# Was mache ich im Winter?



## fiseloer (26. Sep. 2014)

Liebe Teichfreunde,
von einem 8000L Teich kommend habe ich umgebaut und auf 35000L vergrößert.

Im alten Teich, 80 cm tief, gab es Goldfische, __ Shubunkin, Sarasa und 4 kleine Koi aus dem Baumarkt.
Insgesamt 30 Fische.
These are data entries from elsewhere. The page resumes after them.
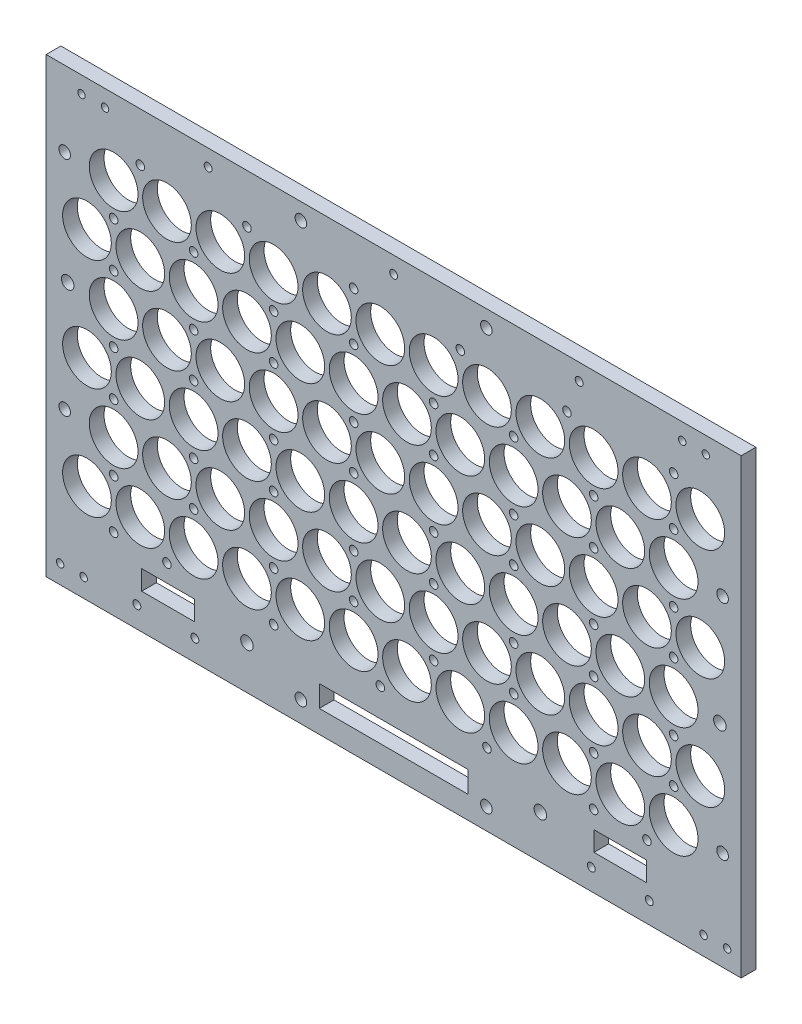
from build123d import *

# Parameters (mm, degrees)
SKETCH1_W                  = 299.700000132
SKETCH1_H                  = 194.250000104
BOSS_EXTRUDE1_DEPTH        = 6.35
SKETCH3_R                  = 10.4988
CUT_EXTRUDE1_DEPTH         = 182.719853184
SKETCH4_R                  = 10.4988
CUT_EXTRUDE2_DEPTH         = 182.719853184
LPATTERN1_COUNT            = 12
LPATTERN1_PITCH            = 23
LPATTERN2_COPY_1_SKETCH_R  = 10.4988
LPATTERN2_COPY_1_DEPTH     = 182.719853184
LPATTERN2_COPY_2_SKETCH_R  = 10.4988
LPATTERN2_COPY_2_DEPTH     = 182.719853184
LPATTERN2_COPY_3_SKETCH_R  = 10.4988
LPATTERN2_COPY_3_DEPTH     = 182.719853184
LPATTERN2_COPY_4_SKETCH_R  = 10.4988
LPATTERN2_COPY_4_DEPTH     = 182.719853184
LPATTERN2_COPY_5_SKETCH_R  = 10.4988
LPATTERN2_COPY_5_DEPTH     = 182.719853184
LPATTERN2_COPY_6_SKETCH_R  = 10.4988
LPATTERN2_COPY_6_DEPTH     = 182.719853184
LPATTERN2_COPY_7_SKETCH_R  = 10.4988
LPATTERN2_COPY_7_DEPTH     = 182.719853184
LPATTERN2_COPY_8_SKETCH_R  = 10.4988
LPATTERN2_COPY_8_DEPTH     = 182.719853184
LPATTERN2_COPY_9_SKETCH_R  = 10.4988
LPATTERN2_COPY_9_DEPTH     = 182.719853184
LPATTERN2_COPY_10_SKETCH_R = 10.4988
LPATTERN2_COPY_10_DEPTH    = 182.719853184
LPATTERN2_COPY_11_SKETCH_R = 10.4988
LPATTERN2_COPY_11_DEPTH    = 182.719853184
LPATTERN2_COPY_12_SKETCH_R = 10.4988
LPATTERN2_COPY_12_DEPTH    = 182.719853184
LPATTERN2_COPY_13_SKETCH_R = 10.4988
LPATTERN2_COPY_13_DEPTH    = 182.719853184
LPATTERN2_COPY_14_SKETCH_R = 10.4988
LPATTERN2_COPY_14_DEPTH    = 182.719853184
LPATTERN2_COPY_15_SKETCH_R = 10.4988
LPATTERN2_COPY_15_DEPTH    = 182.719853184
LPATTERN2_COPY_16_SKETCH_R = 10.4988
LPATTERN2_COPY_16_DEPTH    = 182.719853184
LPATTERN2_COPY_17_SKETCH_R = 10.4988
LPATTERN2_COPY_17_DEPTH    = 182.719853184
LPATTERN2_COPY_18_SKETCH_R = 10.4988
LPATTERN2_COPY_18_DEPTH    = 182.719853184
LPATTERN2_COPY_19_SKETCH_R = 10.4988
LPATTERN2_COPY_19_DEPTH    = 182.719853184
LPATTERN2_COPY_20_SKETCH_R = 10.4988
LPATTERN2_COPY_20_DEPTH    = 182.719853184
LPATTERN2_COPY_21_SKETCH_R = 10.4988
LPATTERN2_COPY_21_DEPTH    = 182.719853184
LPATTERN2_COPY_22_SKETCH_R = 10.4988
LPATTERN2_COPY_22_DEPTH    = 182.719853184
LPATTERN2_COPY_23_SKETCH_R = 10.4988
LPATTERN2_COPY_23_DEPTH    = 182.719853184
LPATTERN2_COPY_24_SKETCH_R = 10.4988
LPATTERN2_COPY_24_DEPTH    = 182.719853184
LPATTERN2_COPY_25_SKETCH_R = 10.4988
LPATTERN2_COPY_25_DEPTH    = 182.719853184
LPATTERN2_COPY_26_SKETCH_R = 10.4988
LPATTERN2_COPY_26_DEPTH    = 182.719853184
LPATTERN2_COPY_27_SKETCH_R = 10.4988
LPATTERN2_COPY_27_DEPTH    = 182.719853184
LPATTERN2_COPY_28_SKETCH_R = 10.4988
LPATTERN2_COPY_28_DEPTH    = 182.719853184
LPATTERN2_COPY_29_SKETCH_R = 10.4988
LPATTERN2_COPY_29_DEPTH    = 182.719853184
LPATTERN2_COPY_30_SKETCH_R = 10.4988
LPATTERN2_COPY_30_DEPTH    = 182.719853184
LPATTERN2_COPY_31_SKETCH_R = 10.4988
LPATTERN2_COPY_31_DEPTH    = 182.719853184
LPATTERN2_COPY_32_SKETCH_R = 10.4988
LPATTERN2_COPY_32_DEPTH    = 182.719853184
LPATTERN2_COPY_33_SKETCH_R = 10.4988
LPATTERN2_COPY_33_DEPTH    = 182.719853184
LPATTERN2_COPY_34_SKETCH_R = 10.4988
LPATTERN2_COPY_34_DEPTH    = 182.719853184
LPATTERN2_COPY_35_SKETCH_R = 10.4988
LPATTERN2_COPY_35_DEPTH    = 182.719853184
LPATTERN2_COPY_36_SKETCH_R = 10.4988
LPATTERN2_COPY_36_DEPTH    = 182.719853184
LPATTERN2_COPY_37_SKETCH_R = 10.4988
LPATTERN2_COPY_37_DEPTH    = 182.719853184
LPATTERN2_COPY_38_SKETCH_R = 10.4988
LPATTERN2_COPY_38_DEPTH    = 182.719853184
LPATTERN2_COPY_39_SKETCH_R = 10.4988
LPATTERN2_COPY_39_DEPTH    = 182.719853184
LPATTERN2_COPY_40_SKETCH_R = 10.4988
LPATTERN2_COPY_40_DEPTH    = 182.719853184
LPATTERN2_COPY_41_SKETCH_R = 10.4988
LPATTERN2_COPY_41_DEPTH    = 182.719853184
LPATTERN2_COPY_42_SKETCH_R = 10.4988
LPATTERN2_COPY_42_DEPTH    = 182.719853184
LPATTERN2_COPY_43_SKETCH_R = 10.4988
LPATTERN2_COPY_43_DEPTH    = 182.719853184
LPATTERN2_COPY_44_SKETCH_R = 10.4988
LPATTERN2_COPY_44_DEPTH    = 182.719853184
LPATTERN2_COPY_45_SKETCH_R = 10.4988
LPATTERN2_COPY_45_DEPTH    = 182.719853184
LPATTERN2_COPY_46_SKETCH_R = 10.4988
LPATTERN2_COPY_46_DEPTH    = 182.719853184
LPATTERN2_COPY_47_SKETCH_R = 10.4988
LPATTERN2_COPY_47_DEPTH    = 182.719853184
LPATTERN2_COPY_48_SKETCH_R = 10.4988
LPATTERN2_COPY_48_DEPTH    = 182.719853184
SKETCH5_W                  = 22.76
SKETCH5_H                  = 8.4615
CUT_EXTRUDE3_DEPTH         = 182.719853184
M3_CLEARANCE_HOLE1_D       = 3.2
M3_CLEARANCE_HOLE2_D       = 3.4
SKETCH14_R                 = 2.7
CUT_EXTRUDE4_DEPTH         = 182.719853184
SKETCH15_R                 = 2.5
CUT_EXTRUDE5_DEPTH         = 182.719853184
SKETCH18_R                 = 1.8415
CUT_EXTRUDE7_DEPTH         = 182.719853184
SKETCH19_W                 = 299.700000132
SKETCH19_H                 = 6.35
BOSS_EXTRUDE2_DEPTH        = 0.79375
SKETCH22_R                 = 1.8415
CUT_EXTRUDE8_DEPTH         = 182.719853184
LPATTERN3_COUNT            = 3
LPATTERN3_PITCH            = 48
SKETCH23_R                 = 1.8415
CUT_EXTRUDE9_DEPTH         = 182.719853184
LPATTERN4_COUNT            = 2
LPATTERN4_PITCH            = 48
LPATTERN5_COUNT            = 4
LPATTERN5_PITCH            = 69
LPATTERN5_COPY_1_SKETCH_R  = 1.8415
LPATTERN5_COPY_1_DEPTH     = 182.719853184
LPATTERN5_COPY_2_SKETCH_R  = 1.8415
LPATTERN5_COPY_2_DEPTH     = 182.719853184
LPATTERN5_COPY_3_SKETCH_R  = 1.8415
LPATTERN5_COPY_3_DEPTH     = 182.719853184
LPATTERN5_COPY_4_SKETCH_R  = 1.8415
LPATTERN5_COPY_4_DEPTH     = 182.719853184
LPATTERN5_COPY_5_SKETCH_R  = 1.8415
LPATTERN5_COPY_5_DEPTH     = 182.719853184
LPATTERN5_COPY_6_SKETCH_R  = 1.8415
LPATTERN5_COPY_6_DEPTH     = 182.719853184
LPATTERN5_COPY_7_SKETCH_R  = 1.8415
LPATTERN5_COPY_7_DEPTH     = 182.719853184
LPATTERN5_COPY_8_SKETCH_R  = 1.8415
LPATTERN5_COPY_8_DEPTH     = 182.719853184
LPATTERN5_COPY_9_SKETCH_R  = 1.8415
LPATTERN5_COPY_9_DEPTH     = 182.719853184
M3_CLEARANCE_HOLE3_D       = 3.4
SKETCH31_W                 = 64.135
SKETCH31_H                 = 9.275
CUT_EXTRUDE10_DEPTH        = 182.719853184


with BuildPart() as part:
    # Sketch1 → Boss-Extrude1 (new body)
    with BuildSketch(Plane.XY):
        with Locations((0, -5.475000052)):
            Rectangle(SKETCH1_W, SKETCH1_H)
    extrude(amount=BOSS_EXTRUDE1_DEPTH)

    # Sketch3 → Cut-Extrude1 (cut, through all)
    with BuildSketch(Plane.XY.offset(6.35)):
        with Locations((-132.25, -60)):
            Circle(SKETCH3_R)
    cut_extrude1 = extrude(amount=-CUT_EXTRUDE1_DEPTH, mode=Mode.SUBTRACT)

    # Sketch4 → Cut-Extrude2 (cut, through all)
    with BuildSketch(Plane.XY.offset(6.35)):
        with Locations((-120.75, -36)):
            Circle(SKETCH4_R)
    cut_extrude2 = extrude(amount=-CUT_EXTRUDE2_DEPTH, mode=Mode.SUBTRACT)

    # LPattern1: Cut-Extrude1, Cut-Extrude2 ×12
    with Locations(*[(i * LPATTERN1_PITCH, 0, 0) for i in range(1, LPATTERN1_COUNT)]):
        add(cut_extrude1, mode=Mode.SUBTRACT)
        add(cut_extrude2, mode=Mode.SUBTRACT)

    # LPattern2 copy 1 sketch → LPattern2 copy 1 (cut, through all)
    with BuildSketch(Plane(origin=(23, 48, 6.35), x_dir=(1, 0, 0), z_dir=(0, 0, 1))):
        with Locations((-132.25, -60)):
            Circle(LPATTERN2_COPY_1_SKETCH_R)
    extrude(amount=-LPATTERN2_COPY_1_DEPTH, mode=Mode.SUBTRACT)

    # LPattern2 copy 2 sketch → LPattern2 copy 2 (cut, through all)
    with BuildSketch(Plane(origin=(23, 96, 6.35), x_dir=(1, 0, 0), z_dir=(0, 0, 1))):
        with Locations((-132.25, -60)):
            Circle(LPATTERN2_COPY_2_SKETCH_R)
    extrude(amount=-LPATTERN2_COPY_2_DEPTH, mode=Mode.SUBTRACT)

    # LPattern2 copy 3 sketch → LPattern2 copy 3 (cut, through all)
    with BuildSketch(Plane(origin=(46, 48, 6.35), x_dir=(1, 0, 0), z_dir=(0, 0, 1))):
        with Locations((-132.25, -60)):
            Circle(LPATTERN2_COPY_3_SKETCH_R)
    extrude(amount=-LPATTERN2_COPY_3_DEPTH, mode=Mode.SUBTRACT)

    # LPattern2 copy 4 sketch → LPattern2 copy 4 (cut, through all)
    with BuildSketch(Plane(origin=(46, 96, 6.35), x_dir=(1, 0, 0), z_dir=(0, 0, 1))):
        with Locations((-132.25, -60)):
            Circle(LPATTERN2_COPY_4_SKETCH_R)
    extrude(amount=-LPATTERN2_COPY_4_DEPTH, mode=Mode.SUBTRACT)

    # LPattern2 copy 5 sketch → LPattern2 copy 5 (cut, through all)
    with BuildSketch(Plane(origin=(69, 48, 6.35), x_dir=(1, 0, 0), z_dir=(0, 0, 1))):
        with Locations((-132.25, -60)):
            Circle(LPATTERN2_COPY_5_SKETCH_R)
    extrude(amount=-LPATTERN2_COPY_5_DEPTH, mode=Mode.SUBTRACT)

    # LPattern2 copy 6 sketch → LPattern2 copy 6 (cut, through all)
    with BuildSketch(Plane(origin=(69, 96, 6.35), x_dir=(1, 0, 0), z_dir=(0, 0, 1))):
        with Locations((-132.25, -60)):
            Circle(LPATTERN2_COPY_6_SKETCH_R)
    extrude(amount=-LPATTERN2_COPY_6_DEPTH, mode=Mode.SUBTRACT)

    # LPattern2 copy 7 sketch → LPattern2 copy 7 (cut, through all)
    with BuildSketch(Plane(origin=(92, 48, 6.35), x_dir=(1, 0, 0), z_dir=(0, 0, 1))):
        with Locations((-132.25, -60)):
            Circle(LPATTERN2_COPY_7_SKETCH_R)
    extrude(amount=-LPATTERN2_COPY_7_DEPTH, mode=Mode.SUBTRACT)

    # LPattern2 copy 8 sketch → LPattern2 copy 8 (cut, through all)
    with BuildSketch(Plane(origin=(92, 96, 6.35), x_dir=(1, 0, 0), z_dir=(0, 0, 1))):
        with Locations((-132.25, -60)):
            Circle(LPATTERN2_COPY_8_SKETCH_R)
    extrude(amount=-LPATTERN2_COPY_8_DEPTH, mode=Mode.SUBTRACT)

    # LPattern2 copy 9 sketch → LPattern2 copy 9 (cut, through all)
    with BuildSketch(Plane(origin=(115, 48, 6.35), x_dir=(1, 0, 0), z_dir=(0, 0, 1))):
        with Locations((-132.25, -60)):
            Circle(LPATTERN2_COPY_9_SKETCH_R)
    extrude(amount=-LPATTERN2_COPY_9_DEPTH, mode=Mode.SUBTRACT)

    # LPattern2 copy 10 sketch → LPattern2 copy 10 (cut, through all)
    with BuildSketch(Plane(origin=(115, 96, 6.35), x_dir=(1, 0, 0), z_dir=(0, 0, 1))):
        with Locations((-132.25, -60)):
            Circle(LPATTERN2_COPY_10_SKETCH_R)
    extrude(amount=-LPATTERN2_COPY_10_DEPTH, mode=Mode.SUBTRACT)

    # LPattern2 copy 11 sketch → LPattern2 copy 11 (cut, through all)
    with BuildSketch(Plane(origin=(138, 48, 6.35), x_dir=(1, 0, 0), z_dir=(0, 0, 1))):
        with Locations((-132.25, -60)):
            Circle(LPATTERN2_COPY_11_SKETCH_R)
    extrude(amount=-LPATTERN2_COPY_11_DEPTH, mode=Mode.SUBTRACT)

    # LPattern2 copy 12 sketch → LPattern2 copy 12 (cut, through all)
    with BuildSketch(Plane(origin=(138, 96, 6.35), x_dir=(1, 0, 0), z_dir=(0, 0, 1))):
        with Locations((-132.25, -60)):
            Circle(LPATTERN2_COPY_12_SKETCH_R)
    extrude(amount=-LPATTERN2_COPY_12_DEPTH, mode=Mode.SUBTRACT)

    # LPattern2 copy 13 sketch → LPattern2 copy 13 (cut, through all)
    with BuildSketch(Plane(origin=(161, 48, 6.35), x_dir=(1, 0, 0), z_dir=(0, 0, 1))):
        with Locations((-132.25, -60)):
            Circle(LPATTERN2_COPY_13_SKETCH_R)
    extrude(amount=-LPATTERN2_COPY_13_DEPTH, mode=Mode.SUBTRACT)

    # LPattern2 copy 14 sketch → LPattern2 copy 14 (cut, through all)
    with BuildSketch(Plane(origin=(161, 96, 6.35), x_dir=(1, 0, 0), z_dir=(0, 0, 1))):
        with Locations((-132.25, -60)):
            Circle(LPATTERN2_COPY_14_SKETCH_R)
    extrude(amount=-LPATTERN2_COPY_14_DEPTH, mode=Mode.SUBTRACT)

    # LPattern2 copy 15 sketch → LPattern2 copy 15 (cut, through all)
    with BuildSketch(Plane(origin=(184, 48, 6.35), x_dir=(1, 0, 0), z_dir=(0, 0, 1))):
        with Locations((-132.25, -60)):
            Circle(LPATTERN2_COPY_15_SKETCH_R)
    extrude(amount=-LPATTERN2_COPY_15_DEPTH, mode=Mode.SUBTRACT)

    # LPattern2 copy 16 sketch → LPattern2 copy 16 (cut, through all)
    with BuildSketch(Plane(origin=(184, 96, 6.35), x_dir=(1, 0, 0), z_dir=(0, 0, 1))):
        with Locations((-132.25, -60)):
            Circle(LPATTERN2_COPY_16_SKETCH_R)
    extrude(amount=-LPATTERN2_COPY_16_DEPTH, mode=Mode.SUBTRACT)

    # LPattern2 copy 17 sketch → LPattern2 copy 17 (cut, through all)
    with BuildSketch(Plane(origin=(207, 48, 6.35), x_dir=(1, 0, 0), z_dir=(0, 0, 1))):
        with Locations((-132.25, -60)):
            Circle(LPATTERN2_COPY_17_SKETCH_R)
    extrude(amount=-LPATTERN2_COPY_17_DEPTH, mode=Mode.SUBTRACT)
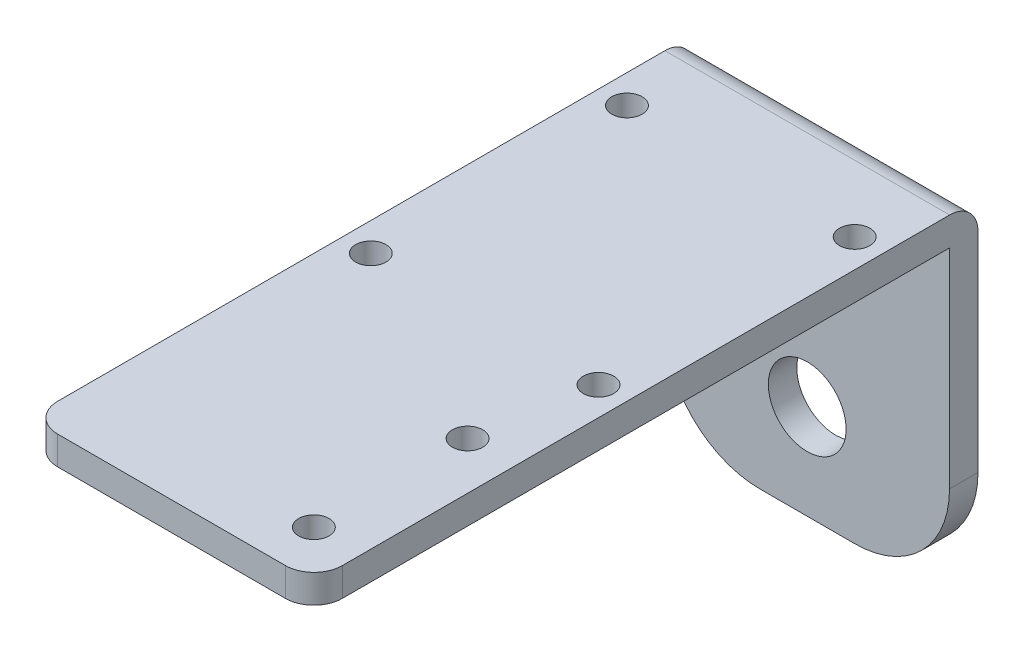
from build123d import *

# Parameters (mm, degrees)
SKETCH_1_W          = 30
SKETCH_1_H          = 70
SKETCH_1_R          = 1.6
EXTRUDE_1_DEPTH     = 3
SKETCH_2_W          = 30
SKETCH_2_H          = 3
EXTRUDE_2_DEPTH     = 32
CUT_EXTRUDE_1_REACH = 80.416
SKETCH_3_R          = 4.1
FILLET_1_R          = 3
FILLET_2_R          = 10


with BuildPart() as part:
    # 草图1 → 凸台-拉伸1 (new body)
    with BuildSketch(Plane(origin=(0, 0, 0), x_dir=(1, 0, 0), z_dir=(0, 1, 0))):
        Rectangle(SKETCH_1_W, SKETCH_1_H)
        with Locations((-12, 25)):
            Circle(SKETCH_1_R, mode=Mode.SUBTRACT)
        with Locations((12, 25)):
            Circle(SKETCH_1_R, mode=Mode.SUBTRACT)
        with Locations((12, -2)):
            Circle(SKETCH_1_R, mode=Mode.SUBTRACT)
        with Locations((-12, -2)):
            Circle(SKETCH_1_R, mode=Mode.SUBTRACT)
        with Locations((10, -30)):
            Circle(SKETCH_1_R, mode=Mode.SUBTRACT)
        with Locations((10, -13.8)):
            Circle(SKETCH_1_R, mode=Mode.SUBTRACT)
    extrude(amount=EXTRUDE_1_DEPTH)

    # 草图2 → 凸台-拉伸2 (add)
    with BuildSketch(Plane.XZ):
        with Locations((0, -33.5)):
            Rectangle(SKETCH_2_W, SKETCH_2_H)
    extrude(amount=EXTRUDE_2_DEPTH)

    # 草图3 → 切除-拉伸1 (cut, up to next)
    with BuildSketch(Plane(origin=(0, 0, -35), x_dir=(-1, 0, 0), z_dir=(0, 0, -1)), mode=Mode.PRIVATE) as cut_extrude_1_sk1:
        with Locations((0, -22)):
            Circle(SKETCH_3_R)
    cut_extrude_1_tool1 = extrude(cut_extrude_1_sk1.sketch, amount=-CUT_EXTRUDE_1_REACH, mode=Mode.PRIVATE) & part.part
    add(cut_extrude_1_tool1.solids().sort_by_distance((0, -22, -35))[0], mode=Mode.SUBTRACT)

    # 圆角1
    fillet_1_edges = [part.edges().sort_by_distance(p)[0] for p in [
        (-15, 1.5, 35),
        (15, 1.5, 35),
        (0, 3, -35),
    ]]
    fillet(fillet_1_edges, radius=FILLET_1_R)

    # 圆角2
    fillet_2_edges = [part.edges().sort_by_distance(p)[0] for p in [
        (-15, -32, -33.5),
        (15, -32, -33.5),
    ]]
    fillet(fillet_2_edges, radius=FILLET_2_R)


solid = part.part

Im Winter habe ich den Filter abgebaut, die Fütterung eingestellt, eine kleine Umwälzpumpe reingesetzt, damit der Teich nicht komplett zufriert und der Natur ihren Lauf gelassen.
Das hat immer ohne Verluste funktioniert.

Im neuen Teich sind 3 Koi hinzugekommen, die ich von einem Bekannten übernommen habe und die bisher auch draußen in seinem Teich überwintert wurden. 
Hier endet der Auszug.